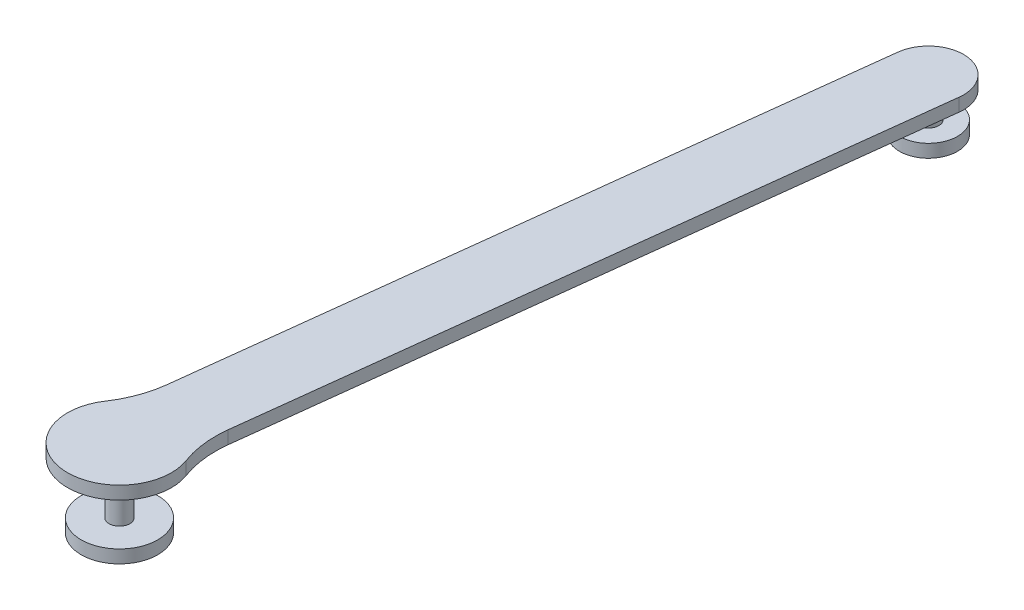
ISO-10303-21;
HEADER;
FILE_DESCRIPTION(('STEP AP214'),'2;1');
FILE_NAME('part.step','',(''),(''),'','','');
FILE_SCHEMA(('AUTOMOTIVE_DESIGN { 1 0 10303 214 1 1 1 1 }'));
ENDSEC;
DATA;
#1=APPLICATION_CONTEXT('core data for automotive mechanical design processes');
#2=APPLICATION_PROTOCOL_DEFINITION('international standard','automotive_design',2000,#1);
#3=PRODUCT_CONTEXT('',#1,'mechanical');
#4=PRODUCT('Part','Part','',(#3));
#5=PRODUCT_RELATED_PRODUCT_CATEGORY('part','',(#4));
#6=PRODUCT_DEFINITION_FORMATION('','',#4);
#7=PRODUCT_DEFINITION_CONTEXT('part definition',#1,'design');
#8=PRODUCT_DEFINITION('design','',#6,#7);
#9=PRODUCT_DEFINITION_SHAPE('','',#8);
#10=(LENGTH_UNIT() NAMED_UNIT(*) SI_UNIT(.MILLI.,.METRE.));
#11=(NAMED_UNIT(*) PLANE_ANGLE_UNIT() SI_UNIT($,.RADIAN.));
#12=(NAMED_UNIT(*) SI_UNIT($,.STERADIAN.) SOLID_ANGLE_UNIT());
#13=UNCERTAINTY_MEASURE_WITH_UNIT(LENGTH_MEASURE(1.E-05),#10,'distance_accuracy_value','');
#14=(GEOMETRIC_REPRESENTATION_CONTEXT(3) GLOBAL_UNCERTAINTY_ASSIGNED_CONTEXT((#13)) GLOBAL_UNIT_ASSIGNED_CONTEXT((#10,
#11,#12)) REPRESENTATION_CONTEXT('',''));
#15=CARTESIAN_POINT('',(0.,0.,0.));
#16=DIRECTION('',(0.,0.,1.));
#17=DIRECTION('',(1.,0.,0.));
#18=AXIS2_PLACEMENT_3D('',#15,#16,#17);
#19=CARTESIAN_POINT('',(25.654,-53.3974683301547,-3.78135023293425E-11));
#20=DIRECTION('',(0.,1.,0.));
#21=DIRECTION('',(-1.,0.,0.));
#22=AXIS2_PLACEMENT_3D('',#19,#20,#21);
#23=CYLINDRICAL_SURFACE('',#22,1.016);
#24=CARTESIAN_POINT('',(25.654,-50.8574683301547,-3.78135023293425E-11));
#25=DIRECTION('',(0.,-1.,0.));
#26=DIRECTION('',(1.,0.,0.));
#27=AXIS2_PLACEMENT_3D('',#24,#25,#26);
#28=CIRCLE('',#27,1.016);
#29=CARTESIAN_POINT('',(24.638,-50.8574683301547,-3.78135023293425E-11));
#30=VERTEX_POINT('',#29);
#31=EDGE_CURVE('E11',#30,#30,#28,.F.);
#32=CARTESIAN_POINT('',(25.654,-53.3974683301547,-3.78135023293425E-11));
#33=DIRECTION('',(0.,1.,0.));
#34=DIRECTION('',(-1.,0.,0.));
#35=AXIS2_PLACEMENT_3D('',#32,#33,#34);
#36=CIRCLE('',#35,1.016);
#37=CARTESIAN_POINT('',(24.638,-53.3974683301547,-3.78135023293425E-11));
#38=VERTEX_POINT('',#37);
#39=EDGE_CURVE('E134',#38,#38,#36,.T.);
#40=CARTESIAN_POINT('',(24.638,-50.8574683301547,-3.78135023293425E-11));
#41=CARTESIAN_POINT('',(24.638,-50.883926663488,-3.78135023293425E-11));
#42=CARTESIAN_POINT('',(24.638,-50.9103849968213,-3.78135023293425E-11));
#43=CARTESIAN_POINT('',(24.638,-50.963301663488,-3.78135023293425E-11));
#44=CARTESIAN_POINT('',(24.638,-50.9897599968213,-3.78135023293425E-11));
#45=CARTESIAN_POINT('',(24.638,-51.042676663488,-3.78135023293425E-11));
#46=CARTESIAN_POINT('',(24.638,-51.0691349968213,-3.78135023293425E-11));
#47=CARTESIAN_POINT('',(24.638,-51.122051663488,-3.78135023293425E-11));
#48=CARTESIAN_POINT('',(24.638,-51.1485099968213,-3.78135023293425E-11));
#49=CARTESIAN_POINT('',(24.638,-51.201426663488,-3.78135023293425E-11));
#50=CARTESIAN_POINT('',(24.638,-51.2278849968213,-3.78135023293425E-11));
#51=CARTESIAN_POINT('',(24.638,-51.280801663488,-3.78135023293425E-11));
#52=CARTESIAN_POINT('',(24.638,-51.3072599968213,-3.78135023293425E-11));
#53=CARTESIAN_POINT('',(24.638,-51.360176663488,-3.78135023293425E-11));
#54=CARTESIAN_POINT('',(24.638,-51.3866349968213,-3.78135023293425E-11));
#55=CARTESIAN_POINT('',(24.638,-51.439551663488,-3.78135023293425E-11));
#56=CARTESIAN_POINT('',(24.638,-51.4660099968213,-3.78135023293425E-11));
#57=CARTESIAN_POINT('',(24.638,-51.518926663488,-3.78135023293425E-11));
#58=CARTESIAN_POINT('',(24.638,-51.5453849968213,-3.78135023293425E-11));
#59=CARTESIAN_POINT('',(24.638,-51.598301663488,-3.78135023293425E-11));
#60=CARTESIAN_POINT('',(24.638,-51.6247599968213,-3.78135023293425E-11));
#61=CARTESIAN_POINT('',(24.638,-51.677676663488,-3.78135023293425E-11));
#62=CARTESIAN_POINT('',(24.638,-51.7041349968213,-3.78135023293425E-11));
#63=CARTESIAN_POINT('',(24.638,-51.757051663488,-3.78135023293425E-11));
#64=CARTESIAN_POINT('',(24.638,-51.7835099968213,-3.78135023293425E-11));
#65=CARTESIAN_POINT('',(24.638,-51.836426663488,-3.78135023293425E-11));
#66=CARTESIAN_POINT('',(24.638,-51.8628849968213,-3.78135023293425E-11));
#67=CARTESIAN_POINT('',(24.638,-51.915801663488,-3.78135023293425E-11));
#68=CARTESIAN_POINT('',(24.638,-51.9422599968213,-3.78135023293425E-11));
#69=CARTESIAN_POINT('',(24.638,-51.995176663488,-3.78135023293425E-11));
#70=CARTESIAN_POINT('',(24.638,-52.0216349968213,-3.78135023293425E-11));
#71=CARTESIAN_POINT('',(24.638,-52.074551663488,-3.78135023293425E-11));
#72=CARTESIAN_POINT('',(24.638,-52.1010099968213,-3.78135023293425E-11));
#73=CARTESIAN_POINT('',(24.638,-52.153926663488,-3.78135023293425E-11));
#74=CARTESIAN_POINT('',(24.638,-52.1803849968213,-3.78135023293425E-11));
#75=CARTESIAN_POINT('',(24.638,-52.233301663488,-3.78135023293425E-11));
#76=CARTESIAN_POINT('',(24.638,-52.2597599968213,-3.78135023293425E-11));
#77=CARTESIAN_POINT('',(24.638,-52.312676663488,-3.78135023293425E-11));
#78=CARTESIAN_POINT('',(24.638,-52.3391349968213,-3.78135023293425E-11));
#79=CARTESIAN_POINT('',(24.638,-52.392051663488,-3.78135023293425E-11));
#80=CARTESIAN_POINT('',(24.638,-52.4185099968213,-3.78135023293425E-11));
#81=CARTESIAN_POINT('',(24.638,-52.471426663488,-3.78135023293425E-11));
#82=CARTESIAN_POINT('',(24.638,-52.4978849968213,-3.78135023293425E-11));
#83=CARTESIAN_POINT('',(24.638,-52.550801663488,-3.78135023293425E-11));
#84=CARTESIAN_POINT('',(24.638,-52.5772599968213,-3.78135023293425E-11));
#85=CARTESIAN_POINT('',(24.638,-52.630176663488,-3.78135023293425E-11));
#86=CARTESIAN_POINT('',(24.638,-52.6566349968213,-3.78135023293425E-11));
#87=CARTESIAN_POINT('',(24.638,-52.709551663488,-3.78135023293425E-11));
#88=CARTESIAN_POINT('',(24.638,-52.7360099968213,-3.78135023293425E-11));
#89=CARTESIAN_POINT('',(24.638,-52.788926663488,-3.78135023293425E-11));
#90=CARTESIAN_POINT('',(24.638,-52.8153849968213,-3.78135023293425E-11));
#91=CARTESIAN_POINT('',(24.638,-52.868301663488,-3.78135023293425E-11));
#92=CARTESIAN_POINT('',(24.638,-52.8947599968213,-3.78135023293425E-11));
#93=CARTESIAN_POINT('',(24.638,-52.947676663488,-3.78135023293425E-11));
#94=CARTESIAN_POINT('',(24.638,-52.9741349968213,-3.78135023293425E-11));
#95=CARTESIAN_POINT('',(24.638,-53.027051663488,-3.78135023293425E-11));
#96=CARTESIAN_POINT('',(24.638,-53.0535099968213,-3.78135023293425E-11));
#97=CARTESIAN_POINT('',(24.638,-53.106426663488,-3.78135023293425E-11));
#98=CARTESIAN_POINT('',(24.638,-53.1328849968213,-3.78135023293425E-11));
#99=CARTESIAN_POINT('',(24.638,-53.185801663488,-3.78135023293425E-11));
#100=CARTESIAN_POINT('',(24.638,-53.2122599968213,-3.78135023293425E-11));
#101=CARTESIAN_POINT('',(24.638,-53.265176663488,-3.78135023293425E-11));
#102=CARTESIAN_POINT('',(24.638,-53.2916349968213,-3.78135023293425E-11));
#103=CARTESIAN_POINT('',(24.638,-53.344551663488,-3.78135023293425E-11));
#104=CARTESIAN_POINT('',(24.638,-53.3710099968213,-3.78135023293425E-11));
#105=CARTESIAN_POINT('',(24.638,-53.3974683301547,-3.78135023293425E-11));
#106=B_SPLINE_CURVE_WITH_KNOTS('',3,(#40,#41,#42,#43,#44,#45,#46,#47,#48,#49,#50,#51,#52,#53,
#54,#55,#56,#57,#58,#59,#60,#61,#62,#63,#64,#65,#66,#67,#68,#69,#70,#71,#72,#73,#74,#75,#76,#77,
#78,#79,#80,#81,#82,#83,#84,#85,#86,#87,#88,#89,#90,#91,#92,#93,#94,#95,#96,#97,#98,#99,#100,
#101,#102,#103,#104,#105),.UNSPECIFIED.,.F.,.F.,(4,2,2,2,2,2,2,2,2,2,2,2,2,2,2,2,2,2,2,2,2,2,2,
2,2,2,2,2,2,2,2,2,4),(0.,0.0793749999999996,0.158749999999999,0.238124999999999,
0.317499999999998,0.396874999999998,0.476249999999998,0.555624999999997,0.634999999999997,
0.714374999999996,0.793749999999996,0.873124999999995,0.952499999999995,1.03187499999999,
1.11124999999999,1.19062499999999,1.27,1.349375,1.42875,1.508125,1.5875,1.666875,1.74625,
1.825625,1.905,1.984375,2.06375,2.143125,2.2225,2.301875,2.38124999999999,2.46062499999999,
2.54),.UNSPECIFIED.);
#107=EDGE_CURVE('BSEAM41',#30,#38,#106,.T.);
#108=ORIENTED_EDGE('',*,*,#31,.F.);
#109=ORIENTED_EDGE('',*,*,#39,.T.);
#110=ORIENTED_EDGE('',*,*,#107,.T.);
#111=ORIENTED_EDGE('',*,*,#107,.F.);
#112=EDGE_LOOP('',(#108,#110,#109,#111));
#113=FACE_BOUND('',#112,.T.);
#114=ADVANCED_FACE('F41',(#113),#23,.T.);
#115=CARTESIAN_POINT('',(25.654,-50.8574683301547,-3.78135023293424E-11));
#116=DIRECTION('',(0.,-1.,0.));
#117=DIRECTION('',(1.,0.,0.));
#118=AXIS2_PLACEMENT_3D('',#115,#116,#117);
#119=PLANE('',#118);
#120=CARTESIAN_POINT('',(17.272,-50.8574683301547,70.7182535302327));
#121=DIRECTION('',(0.,-1.,0.));
#122=DIRECTION('',(1.,0.,0.));
#123=AXIS2_PLACEMENT_3D('',#120,#121,#122);
#124=CIRCLE('',#123,1.01599999999988);
#125=CARTESIAN_POINT('',(18.2879999999999,-50.8574683301547,70.7182535302327));
#126=VERTEX_POINT('',#125);
#127=EDGE_CURVE('E154',#126,#126,#124,.T.);
#128=ORIENTED_EDGE('',*,*,#127,.F.);
#129=EDGE_LOOP('',(#128));
#130=FACE_BOUND('',#129,.T.);
#131=CARTESIAN_POINT('',(25.654,-50.8574683301547,-3.78135023293424E-11));
#132=DIRECTION('',(0.,-1.,0.));
#133=DIRECTION('',(1.,0.,0.));
#134=AXIS2_PLACEMENT_3D('',#131,#132,#133);
#135=CIRCLE('',#134,3.429);
#136=CARTESIAN_POINT('',(22.2488354325944,-50.8574683301547,-0.403602860390931));
#137=VERTEX_POINT('',#136);
#138=CARTESIAN_POINT('',(29.0591645674056,-50.8574683301547,0.403602860315304));
#139=VERTEX_POINT('',#138);
#140=EDGE_CURVE('E100',#137,#139,#135,.T.);
#141=ORIENTED_EDGE('',*,*,#140,.T.);
#142=DIRECTION('',(-0.117702788087815,0.,0.993048867718178));
#143=VECTOR('',#142,1.);
#144=CARTESIAN_POINT('',(29.0591645674056,-50.8574683301547,0.403602860315304));
#145=LINE('',#144,#143);
#146=CARTESIAN_POINT('',(21.4846808329558,-50.8574683301547,64.3089072141369));
#147=VERTEX_POINT('',#146);
#148=EDGE_CURVE('E91',#139,#147,#145,.T.);
#149=ORIENTED_EDGE('',*,*,#148,.T.);
#150=CARTESIAN_POINT('',(31.4151695101375,-50.8574683301547,65.4859350950151));
#151=DIRECTION('',(0.,-1.,0.));
#152=DIRECTION('',(1.,0.,0.));
#153=AXIS2_PLACEMENT_3D('',#150,#151,#152);
#154=CIRCLE('',#153,10.);
#155=CARTESIAN_POINT('',(22.0364098880305,-50.8574683301547,68.9556422801726));
#156=VERTEX_POINT('',#155);
#157=EDGE_CURVE('E48',#147,#156,#154,.F.);
#158=ORIENTED_EDGE('',*,*,#157,.T.);
#159=CARTESIAN_POINT('',(17.272,-50.8574683301547,70.7182535302327));
#160=DIRECTION('',(0.,-1.,0.));
#161=DIRECTION('',(1.,0.,0.));
#162=AXIS2_PLACEMENT_3D('',#159,#160,#161);
#163=CIRCLE('',#162,5.0800000000001);
#164=CARTESIAN_POINT('',(13.0516461635603,-50.8574683301547,67.8907080407224));
#165=VERTEX_POINT('',#164);
#166=EDGE_CURVE('E99',#156,#165,#163,.T.);
#167=ORIENTED_EDGE('',*,*,#166,.T.);
#168=CARTESIAN_POINT('',(4.74386302096273,-50.8574683301547,62.3246736125526));
#169=DIRECTION('',(0.,-1.,0.));
#170=DIRECTION('',(1.,0.,0.));
#171=AXIS2_PLACEMENT_3D('',#168,#169,#170);
#172=CIRCLE('',#171,10.);
#173=CARTESIAN_POINT('',(14.6743516981445,-50.8574683301547,63.5017014934308));
#174=VERTEX_POINT('',#173);
#175=EDGE_CURVE('E131',#165,#174,#172,.F.);
#176=ORIENTED_EDGE('',*,*,#175,.T.);
#177=DIRECTION('',(0.117702788087815,0.,-0.993048867718178));
#178=VECTOR('',#177,1.);
#179=CARTESIAN_POINT('',(22.2488354325944,-50.8574683301547,-0.403602860390931));
#180=LINE('',#179,#178);
#181=EDGE_CURVE('E106',#174,#137,#180,.T.);
#182=ORIENTED_EDGE('',*,*,#181,.T.);
#183=EDGE_LOOP('',(#141,#149,#158,#167,#176,#182));
#184=FACE_BOUND('',#183,.T.);
#185=ORIENTED_EDGE('',*,*,#31,.T.);
#186=EDGE_LOOP('',(#185));
#187=FACE_BOUND('',#186,.T.);
#188=ADVANCED_FACE('F103',(#130,#184,#187),#119,.T.);
#189=CARTESIAN_POINT('',(25.654,-50.8574683301547,-3.78135023293424E-11));
#190=DIRECTION('',(0.,1.,0.));
#191=DIRECTION('',(-1.,0.,0.));
#192=AXIS2_PLACEMENT_3D('',#189,#190,#191);
#193=CYLINDRICAL_SURFACE('',#192,3.429);
#194=CARTESIAN_POINT('',(25.654,-49.5874683301547,-3.78135023293424E-11));
#195=DIRECTION('',(0.,-1.,0.));
#196=DIRECTION('',(1.,0.,0.));
#197=AXIS2_PLACEMENT_3D('',#194,#195,#196);
#198=CIRCLE('',#197,3.429);
#199=CARTESIAN_POINT('',(22.2488354325944,-49.5874683301547,-0.403602860390931));
#200=VERTEX_POINT('',#199);
#201=CARTESIAN_POINT('',(29.0591645674056,-49.5874683301547,0.403602860315304));
#202=VERTEX_POINT('',#201);
#203=EDGE_CURVE('E114',#200,#202,#198,.T.);
#204=ORIENTED_EDGE('',*,*,#203,.T.);
#205=DIRECTION('',(0.,1.,0.));
#206=VECTOR('',#205,1.);
#207=CARTESIAN_POINT('',(29.0591645674056,-50.8574683301547,0.403602860315304));
#208=LINE('',#207,#206);
#209=EDGE_CURVE('E95',#139,#202,#208,.T.);
#210=ORIENTED_EDGE('',*,*,#209,.F.);
#211=ORIENTED_EDGE('',*,*,#140,.F.);
#212=DIRECTION('',(0.,1.,0.));
#213=VECTOR('',#212,1.);
#214=CARTESIAN_POINT('',(22.2488354325944,-50.8574683301547,-0.403602860390931));
#215=LINE('',#214,#213);
#216=EDGE_CURVE('E116',#137,#200,#215,.T.);
#217=ORIENTED_EDGE('',*,*,#216,.T.);
#218=EDGE_LOOP('',(#204,#210,#211,#217));
#219=FACE_BOUND('',#218,.T.);
#220=ADVANCED_FACE('F112',(#219),#193,.T.);
#221=CARTESIAN_POINT('',(29.0591645674056,-50.8574683301547,0.403602860315304));
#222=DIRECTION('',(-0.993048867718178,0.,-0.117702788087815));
# # # #
◆ REQUIREMENT ◆
Using the data above, transcribe the lines that run from the line with "#4=PRODUCT('Part','Part','',(#3));" to the line with "#12=(NAMED_UNIT(*) SI_UNIT($,.STERADIAN.) SOLID_ANGLE_UNIT());", both ends kept, and output nothing else.

◆ RESPONSE TO THIS TASK ◆
#4=PRODUCT('Part','Part','',(#3));
#5=PRODUCT_RELATED_PRODUCT_CATEGORY('part','',(#4));
#6=PRODUCT_DEFINITION_FORMATION('','',#4);
#7=PRODUCT_DEFINITION_CONTEXT('part definition',#1,'design');
#8=PRODUCT_DEFINITION('design','',#6,#7);
#9=PRODUCT_DEFINITION_SHAPE('','',#8);
#10=(LENGTH_UNIT() NAMED_UNIT(*) SI_UNIT(.MILLI.,.METRE.));
#11=(NAMED_UNIT(*) PLANE_ANGLE_UNIT() SI_UNIT($,.RADIAN.));
#12=(NAMED_UNIT(*) SI_UNIT($,.STERADIAN.) SOLID_ANGLE_UNIT());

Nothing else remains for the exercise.